In 2016, we started planting trees to take responsibility for our carbon footprint. Having moved from Vancouver to Toronto, we missed the trees of the West Coast. Setting a launch goal of 1000 trees kick-started our learning about forests. Next, we established TreesCO2 to inspire tree planting through action and education. We got help at local community tree planting events with amazing organizations such as Forests Ontario. Forests Ontario showed us how to plant our first tree. They should know, Forests Ontario is now well on their way to planting 50 million trees. Our trees grew and so did we.

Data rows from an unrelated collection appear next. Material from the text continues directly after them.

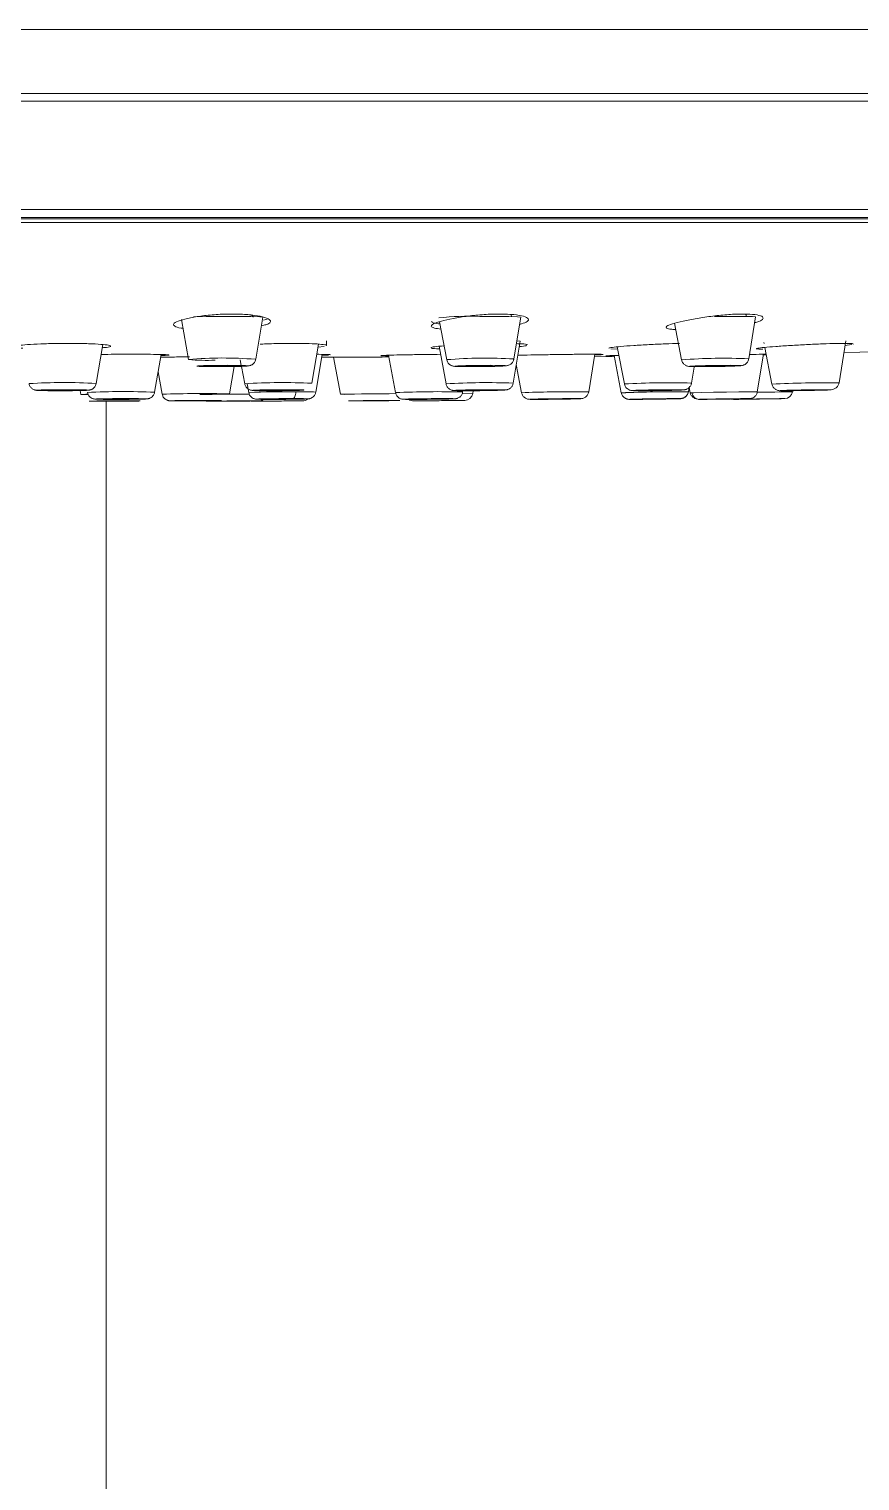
# Model space of a CAD drawing. Extents: x 1944 to 4044, y -46 to 2924.
# Drawn here: x 2671.6 to 2722.9, y 1827.8 to 1917.5 of the extents above; entities that cross this region are included whole.
import ezdxf

# ---------------------------------------------------------------- set-up
doc = ezdxf.new("R2010")
doc.units = 0
doc.header["$LTSCALE"] = 23.1
doc.layers.get('0').update_dxf_attribs({"linetype": 'CONTINUOUS'})

# ---------------------------------------------------------------- blocks, each defined once
blk = doc.blocks.new('A$C7AF3309A')
at = {"color": 8, "linetype": 'Continuous', "lineweight": 15}
for p, q in [((469.035, 1503.262), (300.964, 1503.262)), ((483.786, 1499.31), (286.214, 1499.31)), ((484.156, 1498.836), (285.844, 1498.836)), ((484.273, 1492.155), (385, 1492.155)), ((483.843, 1491.651), (286.157, 1491.651)), ((480.73, 1491.35), (289.272, 1491.35)), ((437.829, 1480.965), (437.654, 1480.962)), ((417.134, 1480.769), (416.499, 1480.762))]:
    blk.add_line(p, q, dxfattribs=at)
at = {"color": 7, "linetype": 'Continuous', "lineweight": 15}
for p, q in [((287.238, 1491.576), (482.761, 1491.576)), ((403.737, 1482.902), (404.179, 1485.49)), ((419.52, 1485.536), (419.526, 1485.568)), ((419.673, 1482.912), (420.102, 1485.503)), ((434.005, 1485.629), (434.008, 1485.681)), ((434.018, 1485.541), (434.033, 1485.631)), ((434.184, 1482.922), (434.6, 1485.515)), ((399.141, 1485.354), (399.591, 1482.879)), ((404.504, 1485.391), (404.209, 1485.299)), ((415.088, 1485.215), (415.528, 1482.868)), ((429.604, 1485.119), (430.039, 1482.858)), ((393.88, 1481.399), (394.298, 1483.803)), ((407.196, 1481.408), (407.607, 1483.827)), ((407.574, 1483.638), (407.969, 1483.687)), ((408.107, 1483.741), (408.107, 1484.04)), ((415.053, 1483.696), (415.488, 1481.373)), ((419.633, 1481.417), (420.062, 1484.008)), ((426.064, 1483.659), (426.502, 1481.366)), ((435.112, 1483.938), (435.125, 1483.868)), ((439.757, 1481.43), (440.169, 1484.024)), ((440.125, 1483.747), (440.542, 1483.802)), ((397.487, 1480.859), (397.89, 1483.186)), ((402.781, 1482.852), (402.844, 1482.51)), ((407.446, 1480.865), (407.842, 1483.193)), ((407.832, 1483.137), (408.22, 1483.151)), ((408.017, 1483.019), (408.534, 1483.02)), ((408.532, 1483.029), (408.959, 1480.728)), ((411.94, 1483.143), (412.37, 1480.833)), ((424.297, 1480.876), (424.68, 1483.203)), ((424.655, 1483.051), (425.883, 1483.054)), ((425.663, 1483.543), (426.09, 1483.525)), ((425.869, 1483.124), (426.307, 1480.824)), ((434.712, 1480.883), (435.085, 1483.201)), ((435.082, 1483.18), (435.257, 1483.185)), ((435.172, 1483.628), (435.611, 1481.36)), ((440.055, 1483.307), (442.028, 1483.344)), ((397.705, 1482.119), (397.956, 1480.736)), ((401.069, 1482.437), (401.338, 1482.436)), ((402.264, 1482.518), (401.995, 1482.519)), ((402.104, 1480.758), (402.392, 1482.445)), ((402.854, 1482.455), (403.051, 1481.381)), ((416.717, 1482.437), (416.962, 1482.436)), ((417.311, 1482.438), (417.605, 1482.439)), ((417.605, 1482.439), (418.116, 1482.447)), ((418.493, 1482.518), (418.247, 1482.519)), ((418.752, 1482.515), (418.493, 1482.518)), ((419.824, 1482.569), (420.152, 1480.828)), ((430.647, 1481.424), (430.806, 1482.407)), ((430.978, 1482.437), (431.189, 1482.436)), ((433.258, 1482.518), (433.047, 1482.519)), ((391.367, 1480.949), (391.643, 1480.949)), ((392.249, 1481.014), (391.973, 1481.015)), ((392.899, 1480.96), (392.942, 1480.721)), ((403.204, 1481.367), (403.301, 1480.839)), ((404.379, 1480.949), (404.638, 1480.949)), ((404.99, 1480.95), (405.126, 1480.95)), ((405.873, 1481.014), (405.614, 1481.015)), ((416.545, 1480.949), (416.775, 1480.949)), ((417.134, 1480.769), (417.164, 1480.95)), ((417.565, 1480.953), (417.996, 1480.959)), ((418.585, 1481.014), (418.355, 1481.015)), ((427.332, 1480.949), (427.523, 1480.949)), ((427.523, 1480.949), (428.008, 1480.951)), ((429.829, 1481.014), (429.637, 1481.015)), ((430.008, 1481.011), (429.829, 1481.014)), ((430.452, 1480.88), (430.496, 1481.147)), ((430.503, 1481.154), (430.566, 1480.821)), ((436.268, 1480.949), (436.413, 1480.949)), ((439.114, 1481.014), (438.969, 1481.015)), ((393.996, 1480.305), (394.226, 1480.305)), ((394.5, 1107.647), (394.5, 1480.313)), ((394.818, 1480.415), (395.087, 1480.414)), ((395.416, 1480.415), (395.804, 1480.417)), ((396.013, 1480.463), (395.744, 1480.464)), ((396.036, 1480.321), (395.806, 1480.321)), ((399.012, 1480.318), (399.242, 1480.318)), ((399.709, 1480.319), (399.496, 1480.318)), ((399.578, 1480.318), (400.032, 1480.32)), ((401.053, 1480.35), (400.823, 1480.351)), ((400.861, 1480.305), (400.98, 1480.305)), ((403.477, 1480.305), (403.452, 1480.305)), ((403.835, 1480.321), (403.717, 1480.321)), ((404.488, 1480.415), (404.733, 1480.414)), ((405.376, 1480.416), (405.906, 1480.421)), ((406.265, 1480.463), (406.019, 1480.464)), ((409.549, 1480.318), (409.667, 1480.318)), ((409.829, 1480.318), (409.667, 1480.318)), ((412.525, 1480.35), (412.406, 1480.351)), ((413.306, 1480.415), (413.517, 1480.414)), ((413.508, 1480.318), (413.483, 1480.318)), ((413.827, 1480.415), (414.013, 1480.416)), ((414.447, 1480.419), (414.801, 1480.423)), ((415.587, 1480.463), (415.375, 1480.464)), ((420.886, 1480.415), (421.055, 1480.414)), ((423.573, 1480.463), (423.404, 1480.464)), ((426.899, 1480.415), (427.017, 1480.414)), ((427.178, 1480.415), (427.017, 1480.414)), ((428.386, 1480.427), (428.386, 1480.427)), ((429.872, 1480.463), (429.754, 1480.464)), ((431.08, 1480.415), (431.142, 1480.414)), ((431.253, 1480.415), (431.142, 1480.414)), ((433.247, 1480.415), (433.251, 1480.414)), ((434.211, 1480.463), (434.148, 1480.464)), ((436.399, 1480.463), (436.394, 1480.464))]:
    blk.add_line(p, q, dxfattribs=at)
at = {"color": 7, "linetype": 'Continuous', "lineweight": 15, "flags": 128}
for points in [[(401.65, 1485.541), (400.682, 1485.531), (399.895, 1485.513)], [(404.179, 1485.49), (404.179, 1485.49), (403.987, 1485.514), (403.438, 1485.532), (402.618, 1485.541), (401.65, 1485.541)], [(420.102, 1485.503), (420.102, 1485.503), (419.909, 1485.524), (419.361, 1485.538), (418.541, 1485.543), (417.573, 1485.537)], [(434.6, 1485.515), (434.6, 1485.515), (434.408, 1485.533), (433.86, 1485.542), (433.039, 1485.541), (432.072, 1485.53)], [(420.062, 1484.008), (420.062, 1484.008), (419.87, 1484.023), (419.857, 1484.024)], [(401.666, 1482.497), (401.379, 1482.494), (401.136, 1482.488), (400.974, 1482.481), (400.916, 1482.473), (400.974, 1482.466), (401.136, 1482.461), (401.379, 1482.458), (401.666, 1482.458), (401.953, 1482.461), (402.197, 1482.467), (402.359, 1482.474), (402.416, 1482.482), (402.359, 1482.489), (402.197, 1482.494), (401.953, 1482.497), (401.666, 1482.497)], [(417.605, 1482.495), (417.318, 1482.491), (417.074, 1482.484), (416.912, 1482.477), (416.855, 1482.469), (416.912, 1482.463), (417.074, 1482.459), (417.318, 1482.458), (417.605, 1482.459), (417.892, 1482.464), (418.135, 1482.47), (418.298, 1482.478), (418.355, 1482.485), (418.298, 1482.492), (418.135, 1482.496), (417.892, 1482.497), (417.605, 1482.495)], [(432.118, 1482.493), (431.831, 1482.488), (431.588, 1482.481), (431.425, 1482.473), (431.368, 1482.466), (431.425, 1482.461), (431.588, 1482.458), (431.831, 1482.458), (432.118, 1482.462), (432.405, 1482.467), (432.648, 1482.474), (432.811, 1482.482), (432.868, 1482.489), (432.811, 1482.494), (432.648, 1482.497), (432.405, 1482.497), (432.118, 1482.493)], [(391.808, 1480.997), (391.521, 1480.996), (391.277, 1480.992), (391.115, 1480.986), (391.058, 1480.98), (391.115, 1480.974), (391.277, 1480.97), (391.521, 1480.967), (391.808, 1480.966), (392.095, 1480.968), (392.338, 1480.972), (392.501, 1480.977), (392.558, 1480.983), (392.501, 1480.989), (392.338, 1480.994), (392.095, 1480.997), (391.808, 1480.997)], [(405.126, 1480.997), (404.839, 1480.994), (404.596, 1480.989), (404.433, 1480.983), (404.376, 1480.977), (404.433, 1480.972), (404.596, 1480.968), (404.839, 1480.966), (405.126, 1480.967), (405.413, 1480.97), (405.656, 1480.975), (405.819, 1480.981), (405.876, 1480.987), (405.819, 1480.992), (405.656, 1480.996), (405.413, 1480.997), (405.126, 1480.997)], [(417.565, 1480.995), (417.278, 1480.991), (417.034, 1480.986), (416.872, 1480.98), (416.815, 1480.974), (416.872, 1480.969), (417.034, 1480.967), (417.278, 1480.966), (417.565, 1480.968), (417.852, 1480.972), (418.095, 1480.978), (418.258, 1480.984), (418.315, 1480.99), (418.258, 1480.994), (418.095, 1480.997), (417.852, 1480.997), (417.565, 1480.995)], [(428.58, 1480.994), (428.293, 1480.989), (428.05, 1480.983), (427.887, 1480.977), (427.83, 1480.971), (427.887, 1480.968), (428.05, 1480.966), (428.293, 1480.967), (428.58, 1480.97), (428.867, 1480.975), (429.11, 1480.981), (429.273, 1480.987), (429.33, 1480.992), (429.273, 1480.996), (429.11, 1480.998), (428.867, 1480.997), (428.58, 1480.994)], [(436.941, 1480.969), (436.998, 1480.967), (437.161, 1480.966), (437.404, 1480.968), (437.691, 1480.973), (437.978, 1480.978), (438.221, 1480.984), (438.384, 1480.99), (438.441, 1480.995), (438.384, 1480.997), (438.221, 1480.997), (437.978, 1480.995), (437.691, 1480.991), (437.404, 1480.986), (437.161, 1480.979), (436.998, 1480.974), (436.941, 1480.969)], [(392.942, 1480.721), (393.013, 1480.719), (393.354, 1480.716)], [(395.016, 1480.316), (394.786, 1480.315), (394.592, 1480.314), (394.462, 1480.313), (394.416, 1480.312), (394.462, 1480.311), (394.592, 1480.31), (394.786, 1480.31), (395.016, 1480.31), (395.246, 1480.311), (395.44, 1480.312), (395.57, 1480.314), (395.616, 1480.315), (395.57, 1480.316), (395.44, 1480.316), (395.246, 1480.316), (395.016, 1480.316)], [(395.416, 1480.451), (395.129, 1480.449), (394.885, 1480.445), (394.723, 1480.441), (394.666, 1480.437), (394.723, 1480.432), (394.885, 1480.429), (395.129, 1480.427), (395.416, 1480.427), (395.703, 1480.429), (395.946, 1480.433), (396.109, 1480.437), (396.166, 1480.441), (396.109, 1480.446), (395.946, 1480.449), (395.703, 1480.451), (395.416, 1480.451)], [(400.032, 1480.34), (399.803, 1480.338), (399.608, 1480.336), (399.478, 1480.333), (399.432, 1480.331), (399.478, 1480.329), (399.608, 1480.328), (399.803, 1480.328), (400.032, 1480.329), (400.262, 1480.33), (400.456, 1480.332), (400.587, 1480.335), (400.632, 1480.337), (400.587, 1480.339), (400.456, 1480.34), (400.262, 1480.34), (400.032, 1480.34)], [(401.748, 1480.31), (401.794, 1480.31), (401.924, 1480.31), (402.119, 1480.311), (402.348, 1480.312), (402.578, 1480.313), (402.773, 1480.314), (402.903, 1480.315), (402.948, 1480.316), (402.903, 1480.316), (402.773, 1480.316), (402.578, 1480.316), (402.348, 1480.315), (402.119, 1480.314), (401.924, 1480.312), (401.794, 1480.311), (401.748, 1480.31)], [(405.376, 1480.45), (405.089, 1480.447), (404.846, 1480.443), (404.683, 1480.439), (404.626, 1480.434), (404.683, 1480.43), (404.846, 1480.428), (405.089, 1480.427), (405.376, 1480.428), (405.663, 1480.431), (405.907, 1480.435), (406.069, 1480.439), (406.126, 1480.444), (406.069, 1480.448), (405.907, 1480.45), (405.663, 1480.451), (405.376, 1480.45)], [(406.019, 1480.464), (406.054, 1480.473), (406.088, 1480.497), (406.12, 1480.535), (406.149, 1480.586), (406.174, 1480.648), (406.193, 1480.721), (406.208, 1480.8), (406.217, 1480.885)], [(408.959, 1480.728), (408.977, 1480.727), (409.237, 1480.726)], [(410.437, 1480.329), (410.482, 1480.328), (410.613, 1480.328), (410.807, 1480.329), (411.037, 1480.331), (411.266, 1480.333), (411.461, 1480.336), (411.591, 1480.338), (411.637, 1480.34), (411.591, 1480.34), (411.461, 1480.34), (411.266, 1480.339), (411.037, 1480.337), (410.807, 1480.335), (410.612, 1480.332), (410.482, 1480.33), (410.437, 1480.329)], [(414.446, 1480.449), (414.159, 1480.445), (413.916, 1480.441), (413.753, 1480.436), (413.696, 1480.432), (413.753, 1480.429), (413.916, 1480.427), (414.159, 1480.428), (414.446, 1480.429), (414.733, 1480.433), (414.977, 1480.437), (415.139, 1480.442), (415.196, 1480.446), (415.139, 1480.449), (414.977, 1480.451), (414.733, 1480.45), (414.446, 1480.449)], [(421.479, 1480.43), (421.537, 1480.428), (421.699, 1480.427), (421.943, 1480.428), (422.23, 1480.431), (422.517, 1480.435), (422.76, 1480.44), (422.922, 1480.444), (422.979, 1480.448), (422.922, 1480.45), (422.76, 1480.451), (422.516, 1480.45), (422.229, 1480.447), (421.942, 1480.443), (421.699, 1480.438), (421.537, 1480.434), (421.479, 1480.43)], [(426.307, 1480.824), (426.325, 1480.822), (426.585, 1480.82)], [(427.636, 1480.429), (427.693, 1480.427), (427.855, 1480.428), (428.099, 1480.43), (428.386, 1480.433), (428.673, 1480.437), (428.916, 1480.442), (429.078, 1480.446), (429.135, 1480.449), (429.078, 1480.451), (428.916, 1480.45), (428.672, 1480.448), (428.385, 1480.445), (428.098, 1480.441), (427.855, 1480.436), (427.693, 1480.432), (427.636, 1480.429)], [(431.895, 1480.428), (431.952, 1480.427), (432.115, 1480.429), (432.358, 1480.431), (432.645, 1480.435), (432.932, 1480.44), (433.176, 1480.444), (433.338, 1480.448), (433.395, 1480.45), (433.338, 1480.451), (433.176, 1480.449), (432.932, 1480.447), (432.645, 1480.443), (432.358, 1480.438), (432.115, 1480.434), (431.952, 1480.43), (431.895, 1480.428)], [(433.087, 1480.437), (433.156, 1480.421), (433.243, 1480.414)], [(434.073, 1480.427), (434.13, 1480.428), (434.293, 1480.43), (434.536, 1480.433), (434.823, 1480.438), (435.11, 1480.442), (435.353, 1480.446), (435.516, 1480.449), (435.573, 1480.451), (435.516, 1480.45), (435.353, 1480.448), (435.11, 1480.445), (434.823, 1480.44), (434.536, 1480.436), (434.293, 1480.432), (434.13, 1480.429), (434.073, 1480.427)]]:
    blk.add_lwpolyline(points, dxfattribs=at)
at = {"color": 8, "linetype": 'Continuous', "lineweight": 15, "flags": 128}
for points in [[(424.297, 1480.876), (424.262, 1480.88), (423.986, 1480.884)], [(434.712, 1480.883), (434.61, 1480.885), (434.215, 1480.882), (433.58, 1480.875), (432.802, 1480.865), (431.999, 1480.852), (431.293, 1480.84), (430.792, 1480.829), (430.573, 1480.822), (430.668, 1480.82), (430.668, 1480.82)]]:
    blk.add_lwpolyline(points, dxfattribs=at)
at = {"color": 7, "linetype": 'Continuous', "lineweight": 15}
for centre, radius, start, end in [((385, 208.155), 1297.85, 86.296114, 89.032844), ((416.915, 1468.002), 17.548, 87.85099, 96.12013), ((400.737, 1495.322), 12.496, 264.74066, 272.2775), ((400.766, 1480.806), 0.5, 249.03237, 270.25981), ((403.927, 1480.82), 0.5, 270.25918, 304.46903), ((406.61, 1480.821), 0.5, 270.3, 309.75064), ((413.478, 1480.818), 0.5, 234.93199, 270.6), ((416.641, 1480.851), 0.5, 270.6, 350.6), ((423.777, 1438.417), 42.467, 89.71747, 90.01603), ((431.144, 1480.896), 0.482, 189.1565, 269.81571), ((436.395, 1480.964), 0.5, 270.8948, 350.89502)]:
    blk.add_arc(centre, radius, start, end, dxfattribs=at)
at = {"color": 8, "linetype": 'Continuous', "lineweight": 15}
for centre, radius, start, end in [((401.727, 1458.333), 24.639, 85.39672, 94.97256), ((417.91, 1453.783), 29.183, 86.53709, 94.68336), ((432.635, 1448.867), 34.09, 87.39579, 94.36783), ((391.881, 1447.335), 34.123, 86.64283, 93.60807), ((405.358, 1445.161), 36.293, 87.09673, 93.64501), ((417.972, 1442.073), 39.379, 87.58272, 93.61742), ((429.224, 1435.016), 46.43, 88.24421, 93.36183), ((438.671, 1423.143), 58.297, 88.93318, 93.00856), ((393.339, 1468.871), 11.857, 89.95947, 91.92021), ((395.567, 1433.954), 46.944, 87.65639, 92.71788), ((400.443, 1401.864), 78.912, 88.79405, 91.80596), ((403.259, 1242.675), 238.06, 89.97798, 90.71854), ((405.454, 1436.647), 44.244, 89.0129, 92.78999), ((406.568, 1464.131), 16.758, 86.9936, 91.19982), ((412.502, 1321.788), 158.98, 90.03094, 91.27684), ((414.967, 1424.009), 56.883, 88.44068, 92.61739), ((423.109, 1407.662), 73.225, 89.48682, 92.31445), ((429.634, 1388.663), 92.221, 89.4915, 92.06738), ((443.099, 966.958), 513.964, 90.6936, 90.93665), ((436.881, 1480.76), 0.124, 86.47653, 91.71439)]:
    blk.add_arc(centre, radius, start, end, dxfattribs=at)
at = {"color": 7, "linetype": 'Continuous', "lineweight": 15}
for points, knots in [([(404.089, 1484.963), (404.187, 1484.984), (404.492, 1485.049), (404.683, 1485.188), (404.625, 1485.36), (404.208, 1485.521), (403.502, 1485.64), (402.795, 1485.685), (402.052, 1485.693), (401.275, 1485.666), (400.308, 1485.567), (399.483, 1485.422), (398.892, 1485.253), (398.604, 1485.082), (398.692, 1484.935), (398.933, 1484.842), (399.205, 1484.813), (399.24, 1484.809)], [0, 0, 0, 0, 0.036868, 0.114463, 0.192785, 0.271405, 0.349484, 0.426224, 0.449113, 0.524504, 0.599866, 0.676028, 0.753622, 0.832122, 0.910654, 0.988581, 1, 1, 1, 1]), ([(403.575, 1485.501), (403.581, 1485.53), (403.592, 1485.575), (403.47, 1485.613), (403.428, 1485.626)], [0, 0, 0, 0, 0.647518, 1, 1, 1, 1]), ([(420.027, 1485.05), (420.178, 1485.096), (420.508, 1485.194), (420.625, 1485.361), (420.426, 1485.52), (419.89, 1485.64), (419.275, 1485.685), (418.59, 1485.693), (417.836, 1485.666), (416.83, 1485.567), (415.901, 1485.422), (415.149, 1485.253), (414.663, 1485.083), (414.521, 1484.933), (414.683, 1484.821), (415.025, 1484.779), (415.173, 1484.761)], [0, 0, 0, 0, 0.066723, 0.145047, 0.223668, 0.301749, 0.378491, 0.40138, 0.476772, 0.552135, 0.628299, 0.705894, 0.784396, 0.862929, 0.940858, 1, 1, 1, 1]), ([(419.51, 1485.567), (419.516, 1485.573), (419.553, 1485.609), (419.479, 1485.639), (419.418, 1485.664)], [0, 0, 0, 0, 0.166809, 1, 1, 1, 1]), ([(434.543, 1485.156), (434.588, 1485.167), (434.856, 1485.231), (435.066, 1485.361), (435.095, 1485.52), (434.753, 1485.64), (434.257, 1485.685), (433.659, 1485.693), (432.962, 1485.666), (431.962, 1485.567), (430.969, 1485.422), (430.088, 1485.253), (429.425, 1485.083), (429.061, 1484.932), (429.062, 1484.816), (429.288, 1484.747), (429.594, 1484.734), (429.679, 1484.73)], [0, 0, 0, 0, 0.015802, 0.09438, 0.173258, 0.251593, 0.328584, 0.351548, 0.427186, 0.502794, 0.579206, 0.657054, 0.735811, 0.8146, 0.892782, 0.970165, 1, 1, 1, 1]), ([(415.114, 1485.073), (415.045, 1485.08), (414.765, 1485.106), (414.578, 1485.169), (414.606, 1485.236), (414.614, 1485.256)], [0, 0, 0, 0, 0.1857033, 0.7497817, 1, 1, 1, 1]), ([(394.767, 1483.704), (394.763, 1483.718), (394.755, 1483.753), (394.35, 1483.805), (393.659, 1483.849), (392.954, 1483.869), (392.204, 1483.877), (391.412, 1483.873), (390.433, 1483.847), (389.606, 1483.801), (389.027, 1483.744), (388.753, 1483.683), (388.851, 1483.626), (389.077, 1483.589), (389.326, 1483.576), (389.344, 1483.575)], [0, 0, 0, 0, 0.0649161, 0.155154, 0.2453206, 0.3353196, 0.3634086, 0.4531568, 0.5429028, 0.6327213, 0.7227212, 0.8128878, 0.9031256, 0.9933216, 1, 1, 1, 1]), ([(394.264, 1483.607), (394.358, 1483.614), (394.659, 1483.637), (394.735, 1483.667), (394.788, 1483.687)], [0, 0, 0, 0, 0.3141505, 1, 1, 1, 1]), ([(408.092, 1483.741), (408.096, 1483.743), (408.151, 1483.765), (407.934, 1483.804), (407.434, 1483.849), (406.816, 1483.869), (406.124, 1483.877), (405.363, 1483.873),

We quickly surpassed our goal of 1,000 trees and set a new goal of 1,000 trees each. While 1,000 trees is small, it gave us a pretty big idea. What if there were 1,000 trees planted for every youth in the world?

The UN reports there are approximately 1.2 billion youth in the world aged 15-24. Planting 1,000 trees for each of the world’s youth would exceed the UN’s trillion tree target.

We call this the Global Forest Project: 1,000 trees for every youth in the world through strength based collaboration.

In collaboration with the United Nations Nature-Based Solutions work stream, The Global Forest Project invites all countries, governments, organizations and individuals to contribute according to their strengths. These strengths include reforestation potential, money and human talent.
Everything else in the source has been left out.